At the line with "blk = doc.blocks.new('StraightDimension-405118308-27589", start repeating the data, and continue line by line through the final line, exactly.
- - -
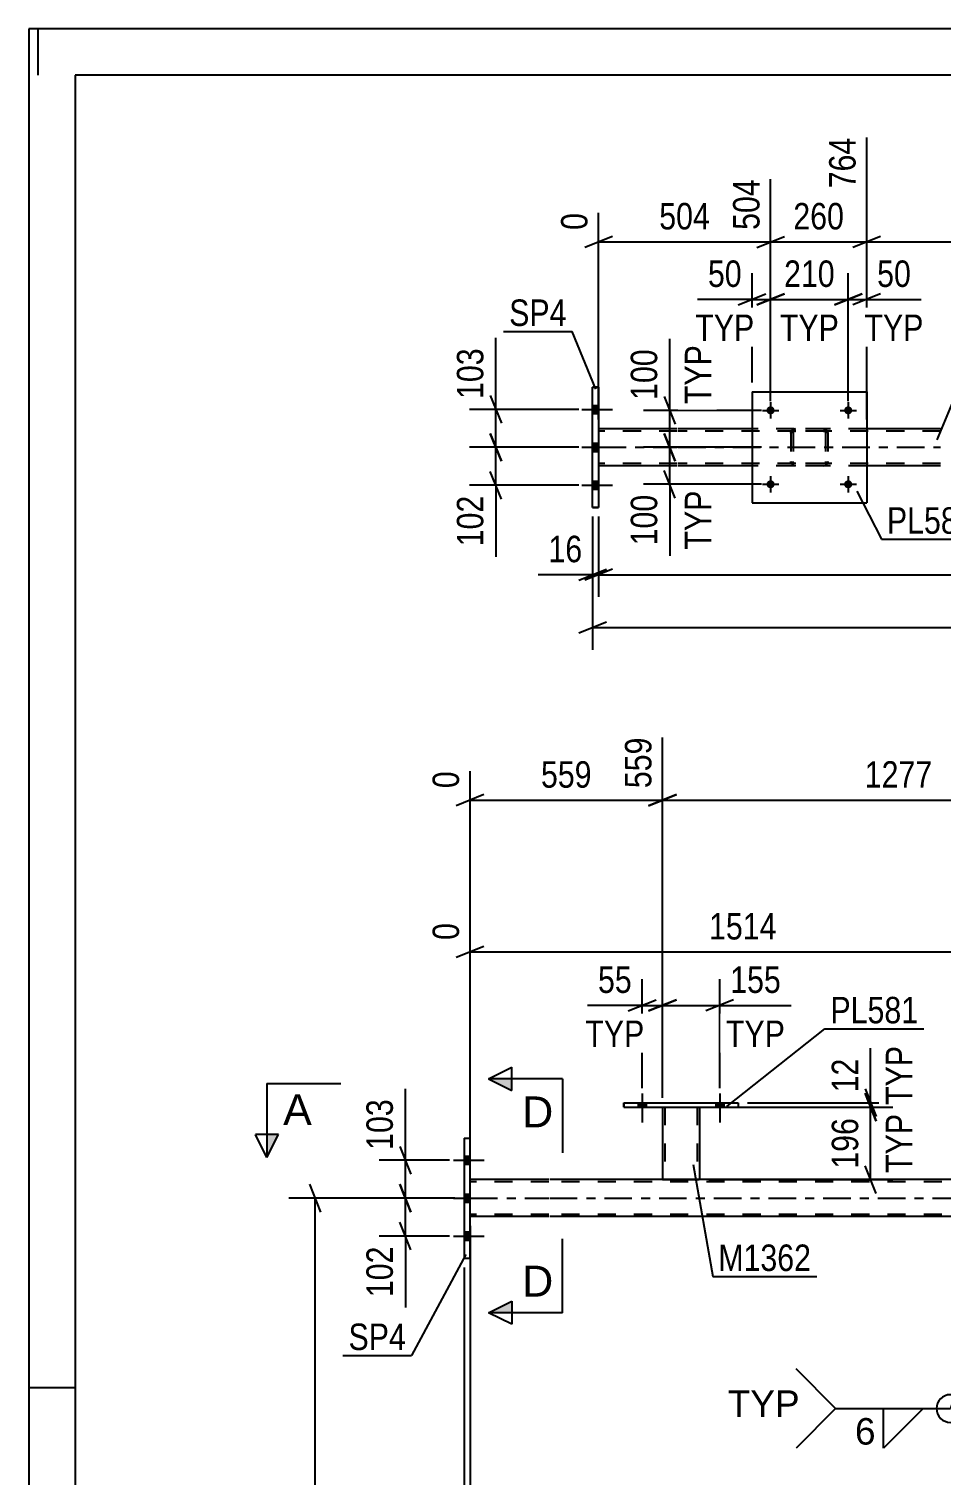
# Model space of a CAD drawing. Header units: millimetres. Extents: x 0 to 841, y 0 to 594.
# Drawn here: x 0 to 98.7, y 437.6 to 594 of the extents above; entities that cross this region are included whole.
import ezdxf

# ---------------------------------------------------------------- set-up
doc = ezdxf.new("R2010")
doc.units = ezdxf.units.MM
doc.linetypes.add('DXK_LINE_DOT2', pattern=[3.9198, 1.9599, -1.9599])
doc.linetypes.add('DXK_LINE_DOT3', pattern=[5.9187, 2.979, -0.9799, 0.9799, -0.9799])
doc.styles.add('Arial', font='ARIAL.TTF', dxfattribs={"height": 0.2})
doc.styles.add('Arial Narrow', font='ARIALN.TTF', dxfattribs={"height": 0.2})

# ---------------------------------------------------------------- blocks, each defined once
blk = doc.blocks.new('Unknown-405118308-1133')
at = {"color": 5, "linetype": 'Continuous'}
for p, q in [((841, 594), (0, 594)), ((0, 594), (0, 0)), ((1, 589), (1, 594)), ((836, 589), (5, 589)), ((5, 589), (5, 5)), ((5, 447), (0, 447))]:
    blk.add_line(p, q, dxfattribs=at)
blk = doc.blocks.new('Part-405118308-4155 - 4145')
at = {"color": 2, "linetype": 'Continuous'}
for p, q in [((70.17, 550.74), (61.65, 550.74)), ((78.27, 550.74), (70.27, 550.74)), ((98.67, 550.74), (90.67, 550.74)), ((70.17, 546.74), (61.65, 546.74)), ((78.27, 546.74), (70.27, 546.74)), ((98.67, 546.74), (90.67, 546.74))]:
    blk.add_line(p, q, dxfattribs=at)
at = {"color": 7, "linetype": 'DXK_LINE_DOT2'}
for p, q in [((61.65, 550.74), (61.65, 546.74)), ((90.67, 550.74), (78.27, 550.74)), ((70.17, 550.5), (61.65, 550.5)), ((98.67, 550.5), (70.27, 550.5)), ((70.17, 546.98), (61.65, 546.98)), ((98.67, 546.98), (70.27, 546.98)), ((90.67, 546.74), (78.27, 546.74))]:
    blk.add_line(p, q, dxfattribs=at)
at = {"color": 7, "linetype": 'DXK_LINE_DOT3'}
for p, q in [((61.65, 548.74), (70.17, 548.74)), ((70.27, 548.74), (98.67, 548.74))]:
    blk.add_line(p, q, dxfattribs=at)
blk = doc.blocks.new('Bolt-405118308-4150 - 4145')
at = {"linetype": 'Continuous'}
for points in [[(61.65, 552.4), (61.65, 553.28), (61.01, 553.28), (61.01, 552.4)], [(61.65, 552.4), (61.65, 553.28), (61.01, 553.28), (61.01, 552.4)], [(61.65, 552.4), (61.65, 553.28), (61.01, 553.28), (61.01, 552.4)], [(61.65, 548.3), (61.65, 549.18), (61.01, 549.18), (61.01, 548.3)], [(61.65, 548.3), (61.65, 549.18), (61.01, 549.18), (61.01, 548.3)], [(61.65, 544.2), (61.65, 545.08), (61.01, 545.08), (61.01, 544.2)], [(61.65, 544.2), (61.65, 545.08), (61.01, 545.08), (61.01, 544.2)], [(61.65, 544.2), (61.65, 545.08), (61.01, 545.08), (61.01, 544.2)]]:
    blk.add_hatch(color=1, dxfattribs=at).paths.add_polyline_path(points)
at = {"color": 1, "linetype": 'Continuous'}
for p, q in [((59.85, 552.84), (63.17, 552.84)), ((59.85, 552.84), (63.17, 552.84)), ((59.85, 552.84), (63.17, 552.84)), ((61.01, 553.28), (61.65, 553.28)), ((61.01, 553.28), (61.65, 553.28)), ((61.01, 553.28), (61.65, 553.28)), ((61.01, 552.4), (61.65, 552.4)), ((61.01, 552.4), (61.65, 552.4)), ((61.01, 552.4), (61.65, 552.4)), ((61.01, 549.18), (61.65, 549.18)), ((61.01, 549.18), (61.65, 549.18)), ((59.85, 548.74), (63.17, 548.74)), ((59.85, 548.74), (63.17, 548.74)), ((61.01, 548.3), (61.65, 548.3)), ((61.01, 548.3), (61.65, 548.3)), ((59.85, 544.64), (63.17, 544.64)), ((59.85, 544.64), (63.17, 544.64)), ((59.85, 544.64), (63.17, 544.64)), ((61.01, 545.08), (61.65, 545.08)), ((61.01, 545.08), (61.65, 545.08)), ((61.01, 545.08), (61.65, 545.08)), ((61.01, 544.2), (61.65, 544.2)), ((61.01, 544.2), (61.65, 544.2)), ((61.01, 544.2), (61.65, 544.2))]:
    blk.add_line(p, q, dxfattribs=at)
blk = doc.blocks.new('Part-405118308-24224 - 4145')
at = {"color": 2, "linetype": 'Continuous'}
for p, q in [((78.27, 554.74), (78.27, 542.74)), ((78.27, 554.74), (90.67, 554.74)), ((90.67, 554.74), (90.67, 542.74)), ((78.27, 542.74), (90.67, 542.74))]:
    blk.add_line(p, q, dxfattribs=at)
blk = doc.blocks.new('Part-405118308-4211 - 4145')
at = {"color": 2, "linetype": 'Continuous'}
for p, q in [((61.01, 542.24), (61.01, 555.24)), ((61.01, 555.24), (61.65, 555.24)), ((61.65, 555.24), (61.65, 542.24)), ((61.65, 542.24), (61.01, 542.24)), ((61.65, 542.24), (61.65, 542.24))]:
    blk.add_line(p, q, dxfattribs=at)
at = {"color": 7, "linetype": 'DXK_LINE_DOT2'}
for p, q in [((61.01, 555.24), (61.01, 555.24)), ((61.65, 555.24), (61.01, 555.24)), ((61.65, 555.24), (61.65, 555.24)), ((61.01, 542.24), (61.65, 542.24))]:
    blk.add_line(p, q, dxfattribs=at)
blk = doc.blocks.new('Part-405118308-24223 - 4145')
at = {"color": 7, "linetype": 'DXK_LINE_DOT2'}
for p, q in [((82.77, 550.7), (82.95, 550.74)), ((82.95, 550.74), (82.77, 550.7)), ((85.99, 550.74), (82.95, 550.74)), ((85.99, 550.74), (86.18, 550.7)), ((86.18, 550.7), (85.99, 550.74)), ((82.47, 550.26), (82.51, 550.44)), ((82.51, 550.44), (82.47, 550.26)), ((82.47, 550.26), (82.47, 547.22)), ((82.71, 550.26), (82.73, 550.35)), ((82.71, 550.26), (82.71, 547.22)), ((82.73, 550.35), (82.78, 550.43)), ((82.78, 550.43), (82.86, 550.48)), ((82.86, 550.48), (82.95, 550.5)), ((85.99, 550.5), (82.95, 550.5)), ((85.99, 550.5), (86.08, 550.48)), ((86.08, 550.48), (86.16, 550.43)), ((86.16, 550.43), (86.21, 550.35)), ((86.21, 550.35), (86.23, 550.26)), ((86.23, 550.26), (86.23, 547.22)), ((86.44, 550.44), (86.47, 550.26)), ((86.47, 550.26), (86.44, 550.44)), ((86.47, 550.26), (86.47, 547.22)), ((82.51, 547.04), (82.47, 547.22)), ((82.47, 547.22), (82.51, 547.04)), ((82.73, 547.13), (82.71, 547.22)), ((82.78, 547.05), (82.73, 547.13)), ((82.95, 546.74), (82.77, 546.78)), ((82.77, 546.78), (82.95, 546.74)), ((82.86, 547), (82.78, 547.05)), ((82.95, 546.98), (82.86, 547)), ((85.99, 546.98), (82.95, 546.98)), ((85.99, 546.74), (82.95, 546.74)), ((86.08, 547), (85.99, 546.98)), ((86.18, 546.78), (85.99, 546.74)), ((85.99, 546.74), (86.18, 546.78)), ((86.16, 547.05), (86.08, 547)), ((86.21, 547.13), (86.16, 547.05)), ((86.23, 547.22), (86.21, 547.13)), ((86.47, 547.22), (86.44, 547.04)), ((86.44, 547.04), (86.47, 547.22))]:
    blk.add_line(p, q, dxfattribs=at)
at = {"color": 7, "linetype": 'DXK_LINE_DOT3'}
blk.add_line((84.47, 548.74), (84.47, 548.74), dxfattribs=at)
at = {"color": 7, "linetype": 'DXK_LINE_DOT2'}
for centre, start, end in [((82.95, 550.26), 112.5, 157.5), ((82.95, 550.26), 112.5, 157.5), ((85.99, 550.26), 22.5, 67.5), ((85.99, 550.26), 22.5, 67.5), ((82.95, 547.22), 202.5, 247.5), ((82.95, 547.22), 202.5, 247.5), ((85.99, 547.22), 292.5, 337.5), ((85.99, 547.22), 292.5, 337.5)]:
    blk.add_arc(centre, 0.48, start, end, dxfattribs=at)
blk = doc.blocks.new('Bolt-405118308-24252 - 4145')
at = {"linetype": 'Continuous'}
for points in [[(80.71, 544.74, -1), (79.83, 544.74, -1)], [(89.11, 544.74, -1), (88.23, 544.74, -1)]]:
    blk.add_hatch(color=1, dxfattribs=at).paths.add_polyline_path(points)
at = {"color": 1, "linetype": 'Continuous'}
for p, q in [((79.39, 544.74), (81.15, 544.74)), ((80.27, 545.62), (80.27, 543.86)), ((87.79, 544.74), (89.55, 544.74)), ((88.67, 545.62), (88.67, 543.86))]:
    blk.add_line(p, q, dxfattribs=at)
blk = doc.blocks.new('Bolt-405118308-24253 - 4145')
at = {"linetype": 'Continuous'}
for points in [[(80.71, 552.74, -1), (79.83, 552.74, -1)], [(89.11, 552.74, -1), (88.23, 552.74, -1)]]:
    blk.add_hatch(color=1, dxfattribs=at).paths.add_polyline_path(points)
at = {"color": 1, "linetype": 'Continuous'}
for p, q in [((79.39, 552.74), (81.15, 552.74)), ((80.27, 553.62), (80.27, 551.86)), ((87.79, 552.74), (89.55, 552.74)), ((88.67, 553.62), (88.67, 551.86))]:
    blk.add_line(p, q, dxfattribs=at)
blk = doc.blocks.new('Bolt-405118308-2842 - 2836')
at = {"linetype": 'Continuous'}
for points in [[(47.75, 471.18), (47.75, 472.06), (47.11, 472.06), (47.11, 471.18)], [(47.75, 471.18), (47.75, 472.06), (47.11, 472.06), (47.11, 471.18)], [(47.75, 471.18), (47.75, 472.06), (47.11, 472.06), (47.11, 471.18)], [(47.75, 467.08), (47.75, 467.96), (47.11, 467.96), (47.11, 467.08)], [(47.75, 467.08), (47.75, 467.96), (47.11, 467.96), (47.11, 467.08)], [(47.75, 462.98), (47.75, 463.86), (47.11, 463.86), (47.11, 462.98)], [(47.75, 462.98), (47.75, 463.86), (47.11, 463.86), (47.11, 462.98)], [(47.75, 462.98), (47.75, 463.86), (47.11, 463.86), (47.11, 462.98)]]:
    blk.add_hatch(color=1, dxfattribs=at).paths.add_polyline_path(points)
at = {"color": 1, "linetype": 'Continuous'}
for p, q in [((45.95, 471.62), (49.27, 471.62)), ((45.95, 471.62), (49.27, 471.62)), ((45.95, 471.62), (49.27, 471.62)), ((47.11, 472.06), (47.75, 472.06)), ((47.11, 472.06), (47.75, 472.06)), ((47.11, 472.06), (47.75, 472.06)), ((47.11, 471.18), (47.75, 471.18)), ((47.11, 471.18), (47.75, 471.18)), ((47.11, 471.18), (47.75, 471.18)), ((47.11, 467.96), (47.75, 467.96)), ((47.11, 467.96), (47.75, 467.96)), ((45.95, 467.52), (49.27, 467.52)), ((45.95, 467.52), (49.27, 467.52)), ((47.11, 467.08), (47.75, 467.08)), ((47.11, 467.08), (47.75, 467.08)), ((45.95, 463.42), (49.27, 463.42)), ((45.95, 463.42), (49.27, 463.42)), ((45.95, 463.42), (49.27, 463.42)), ((47.11, 463.86), (47.75, 463.86)), ((47.11, 463.86), (47.75, 463.86)), ((47.11, 463.86), (47.75, 463.86)), ((47.11, 462.98), (47.75, 462.98)), ((47.11, 462.98), (47.75, 462.98)), ((47.11, 462.98), (47.75, 462.98))]:
    blk.add_line(p, q, dxfattribs=at)
blk = doc.blocks.new('Part-405118308-2993 - 2836')
at = {"color": 2, "linetype": 'Continuous'}
for p, q in [((56.27, 469.52), (47.75, 469.52)), ((754.6, 469.52), (56.37, 469.52)), ((56.27, 465.52), (47.75, 465.52)), ((106.77, 465.52), (56.37, 465.52))]:
    blk.add_line(p, q, dxfattribs=at)
at = {"color": 7, "linetype": 'DXK_LINE_DOT2'}
for p, q in [((47.75, 465.52), (47.75, 469.52)), ((56.27, 469.28), (47.75, 469.28)), ((761.25, 469.28), (56.37, 469.28)), ((56.27, 465.76), (47.75, 465.76)), ((761.25, 465.76), (56.37, 465.76))]:
    blk.add_line(p, q, dxfattribs=at)
at = {"color": 7, "linetype": 'DXK_LINE_DOT3'}
for p, q in [((47.75, 467.52), (56.27, 467.52)), ((56.37, 467.52), (761.25, 467.52))]:
    blk.add_line(p, q, dxfattribs=at)
blk = doc.blocks.new('Part-405118308-24589 - 2836')
at = {"color": 2, "linetype": 'Continuous'}
for p, q in [((68.57, 477.36), (68.57, 469.52)), ((72.57, 477.36), (72.57, 469.52)), ((68.57, 469.52), (72.54, 469.52)), ((72.57, 469.52), (72.54, 469.52))]:
    blk.add_line(p, q, dxfattribs=at)
at = {"color": 7, "linetype": 'DXK_LINE_DOT2'}
for p, q in [((68.57, 477.36), (72.57, 477.36)), ((68.57, 477.36), (68.57, 477.36)), ((68.57, 477.36), (68.57, 477.36)), ((68.81, 477.36), (68.81, 469.52)), ((72.33, 477.36), (72.33, 469.52)), ((72.57, 477.36), (72.57, 477.36)), ((72.57, 477.36), (72.57, 477.36)), ((72.26, 469.52), (72.28, 469.52)), ((72.28, 469.52), (72.31, 469.52)), ((72.31, 469.52), (72.33, 469.52))]:
    blk.add_line(p, q, dxfattribs=at)
blk = doc.blocks.new('Part-405118308-3049 - 2836')
at = {"color": 2, "linetype": 'Continuous'}
for p, q in [((47.11, 474.02), (47.11, 474.02)), ((47.11, 474.02), (47.75, 474.02)), ((47.11, 474.02), (47.11, 461.02)), ((47.75, 474.02), (47.75, 474.02)), ((47.75, 461.02), (47.75, 474.02)), ((47.11, 461.02), (47.11, 461.02)), ((47.11, 461.02), (47.75, 461.02)), ((47.75, 461.02), (47.75, 461.02))]:
    blk.add_line(p, q, dxfattribs=at)
at = {"color": 7, "linetype": 'DXK_LINE_DOT2'}
for p, q in [((47.11, 474.02), (47.75, 474.02)), ((47.11, 461.02), (47.75, 461.02))]:
    blk.add_line(p, q, dxfattribs=at)
blk = doc.blocks.new('Part-405118308-24590 - 2836')
at = {"color": 2, "linetype": 'Continuous'}
for p, q in [((64.37, 477.36), (64.37, 477.84)), ((64.37, 477.84), (64.37, 477.84)), ((64.37, 477.84), (76.77, 477.84)), ((64.37, 477.36), (64.37, 477.36)), ((64.37, 477.36), (76.77, 477.36)), ((76.77, 477.84), (76.77, 477.36))]:
    blk.add_line(p, q, dxfattribs=at)
at = {"color": 7, "linetype": 'DXK_LINE_DOT2'}
for p, q in [((64.37, 477.84), (64.37, 477.36)), ((64.37, 477.84), (64.37, 477.84)), ((64.37, 477.36), (64.37, 477.36)), ((76.77, 477.84), (76.77, 477.36))]:
    blk.add_line(p, q, dxfattribs=at)
blk = doc.blocks.new('Bolt-405118308-24618 - 2836')
at = {"linetype": 'Continuous'}
for points in [[(65.93, 477.36), (66.81, 477.36), (66.81, 477.84), (65.93, 477.84)], [(74.33, 477.36), (75.21, 477.36), (75.21, 477.84), (74.33, 477.84)]]:
    blk.add_hatch(color=1, dxfattribs=at).paths.add_polyline_path(points)
at = {"color": 1, "linetype": 'Continuous'}
for p, q in [((66.37, 478.84), (66.37, 475.72)), ((74.77, 478.84), (74.77, 475.72)), ((65.93, 477.84), (65.93, 477.36)), ((66.81, 477.84), (66.81, 477.36)), ((74.33, 477.84), (74.33, 477.36)), ((75.21, 477.84), (75.21, 477.36))]:
    blk.add_line(p, q, dxfattribs=at)
blk = doc.blocks.new('Bolt-405118308-24619 - 2836')
at = {"linetype": 'Continuous'}
for points in [[(65.93, 477.36), (66.81, 477.36), (66.81, 477.84), (65.93, 477.84)], [(74.33, 477.36), (75.21, 477.36), (75.21, 477.84), (74.33, 477.84)]]:
    blk.add_hatch(color=1, dxfattribs=at).paths.add_polyline_path(points)
at = {"color": 1, "linetype": 'Continuous'}
for p, q in [((66.37, 478.84), (66.37, 475.72)), ((74.77, 478.84), (74.77, 475.72)), ((65.93, 477.84), (65.93, 477.36)), ((66.81, 477.84), (66.81, 477.36)), ((74.33, 477.84), (74.33, 477.36)), ((75.21, 477.84), (75.21, 477.36))]:
    blk.add_line(p, q, dxfattribs=at)
blk = doc.blocks.new('StraightDimension-405118308-27630 - 4145')
at = {"color": 7, "linetype": 'Continuous'}
for p, q in [((68.75, 554.24), (69.95, 551.24)), ((79.27, 552.74), (66.5, 552.74)), ((69.35, 548.74), (69.35, 552.74)), ((69.95, 547.24), (68.75, 550.24)), ((79.27, 548.74), (66.5, 548.74))]:
    blk.add_line(p, q, dxfattribs=at)
at = {"color": 0, "linetype": 'Continuous'}
blk.add_wipeout([(74.45, 560.4), (70.25, 560.4), (70.25, 552.81), (74.45, 552.81)], dxfattribs=at)
at = {"color": 0}
blk.add_wipeout([(68.6, 559.95), (64.4, 559.95), (64.4, 553.27), (68.6, 553.27)], dxfattribs=at)
at = {"color": 7, "linetype": 'Continuous'}
blk.add_line((69.35, 552.74), (69.35, 560.48), dxfattribs=at)
blk.add_line((69.35, 552.74), (69.35, 560.48), dxfattribs=at)
at = {"color": 3, "style": 'Arial Narrow'}
blk.add_text('100', height=2.863, rotation=90.0002, dxfattribs=at).set_placement((68, 553.87))
at = {"color": 3, "linetype": 'Continuous', "style": 'Arial Narrow'}
blk.add_text('TYP', height=2.863, rotation=90.0002, dxfattribs=at).set_placement((73.85, 553.41))
blk = doc.blocks.new('StraightDimension-405118308-26947 - 4145')
at = {"color": 7, "linetype": 'Continuous'}
for p, q in [((90.67, 551.74), (90.67, 582.24)), ((80.27, 553.74), (80.27, 577.74)), ((78.77, 570.36), (81.77, 571.56)), ((92.17, 571.56), (89.17, 570.36)), ((80.27, 570.96), (90.67, 570.96))]:
    blk.add_line(p, q, dxfattribs=at)
at = {"color": 0}
blk.add_wipeout([(88.81, 571.71), (88.81, 575.91), (82.13, 575.91), (82.13, 571.71)], dxfattribs=at)
at = {"color": 3, "style": 'Arial Narrow'}
blk.add_text('260', height=2.863, dxfattribs=at).set_placement((82.73, 572.31))
at = {"color": 0, "linetype": 'Continuous'}
blk.add_wipeout([(90.07, 582.84), (85.87, 582.84), (85.87, 576.16), (90.07, 576.16)], dxfattribs=at)
at = {"color": 3, "linetype": 'Continuous', "style": 'Arial Narrow'}
blk.add_text('764', height=2.863, rotation=90.0002, dxfattribs=at).set_placement((89.47, 576.76))
blk = doc.blocks.new('StraightDimension-405118308-27589 - 4145')
at = {"color": 7, "linetype": 'Continuous'}
for p, q in [((78.27, 555.74), (78.27, 567.59)), ((80.27, 553.74), (80.27, 567.59)), ((76.77, 564.14), (79.77, 565.34)), ((81.77, 565.34), (78.77, 564.14)), ((78.27, 564.74), (80.27, 564.74))]:
    blk.add_line(p, q, dxfattribs=at)
at = {"color": 0}
blk.add_wipeout([(77.75, 565.49), (77.75, 569.69), (72.89, 569.69), (72.89, 565.49)], dxfattribs=at)
at = {"color": 0, "linetype": 'Continuous'}
blk.add_wipeout([(79.11, 559.64), (79.11, 563.84), (71.52, 563.84), (71.52, 559.64)], dxfattribs=at)
at = {"color": 7, "linetype": 'Continuous'}
blk.add_line((78.27, 564.74), (72.37, 564.74), dxfattribs=at)
blk.add_line((78.27, 564.74), (72.37, 564.74), dxfattribs=at)
at = {"color": 3, "style": 'Arial Narrow'}
blk.add_text('50', height=2.863, dxfattribs=at).set_placement((73.49, 566.09))
at = {"color": 3, "linetype": 'Continuous', "style": 'Arial Narrow'}
blk.add_text('TYP', height=2.863, dxfattribs=at).set_placement((72.12, 560.24))
blk = doc.blocks.new('StraightDimension-405118308-27588 - 4145')
at = {"color": 7, "linetype": 'Continuous'}
for p, q in [((80.27, 553.74), (80.27, 567.59)), ((88.67, 553.74), (88.67, 567.59)), ((78.77, 564.14), (81.77, 565.34)), ((90.17, 565.34), (87.17, 564.14)), ((80.27, 564.74), (88.67, 564.74))]:
    blk.add_line(p, q, dxfattribs=at)
at = {"color": 0}
blk.add_wipeout([(87.81, 565.49), (87.81, 569.69), (81.13, 569.69), (81.13, 565.49)], dxfattribs=at)
at = {"color": 0, "linetype": 'Continuous'}
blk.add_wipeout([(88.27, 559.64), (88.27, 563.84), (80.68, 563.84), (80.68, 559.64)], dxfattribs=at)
- - -
**Exercise solution**
blk = doc.blocks.new('StraightDimension-405118308-27589 - 4145')
at = {"color": 7, "linetype": 'Continuous'}
for p, q in [((78.27, 555.74), (78.27, 567.59)), ((80.27, 553.74), (80.27, 567.59)), ((76.77, 564.14), (79.77, 565.34)), ((81.77, 565.34), (78.77, 564.14)), ((78.27, 564.74), (80.27, 564.74))]:
    blk.add_line(p, q, dxfattribs=at)
at = {"color": 0}
blk.add_wipeout([(77.75, 565.49), (77.75, 569.69), (72.89, 569.69), (72.89, 565.49)], dxfattribs=at)
at = {"color": 0, "linetype": 'Continuous'}
blk.add_wipeout([(79.11, 559.64), (79.11, 563.84), (71.52, 563.84), (71.52, 559.64)], dxfattribs=at)
at = {"color": 7, "linetype": 'Continuous'}
blk.add_line((78.27, 564.74), (72.37, 564.74), dxfattribs=at)
blk.add_line((78.27, 564.74), (72.37, 564.74), dxfattribs=at)
at = {"color": 3, "style": 'Arial Narrow'}
blk.add_text('50', height=2.863, dxfattribs=at).set_placement((73.49, 566.09))
at = {"color": 3, "linetype": 'Continuous', "style": 'Arial Narrow'}
blk.add_text('TYP', height=2.863, dxfattribs=at).set_placement((72.12, 560.24))
blk = doc.blocks.new('StraightDimension-405118308-27588 - 4145')
at = {"color": 7, "linetype": 'Continuous'}
for p, q in [((80.27, 553.74), (80.27, 567.59)), ((88.67, 553.74), (88.67, 567.59)), ((78.77, 564.14), (81.77, 565.34)), ((90.17, 565.34), (87.17, 564.14)), ((80.27, 564.74), (88.67, 564.74))]:
    blk.add_line(p, q, dxfattribs=at)
at = {"color": 0}
blk.add_wipeout([(87.81, 565.49), (87.81, 569.69), (81.13, 569.69), (81.13, 565.49)], dxfattribs=at)
at = {"color": 0, "linetype": 'Continuous'}
blk.add_wipeout([(88.27, 559.64), (88.27, 563.84), (80.68, 563.84), (80.68, 559.64)], dxfattribs=at)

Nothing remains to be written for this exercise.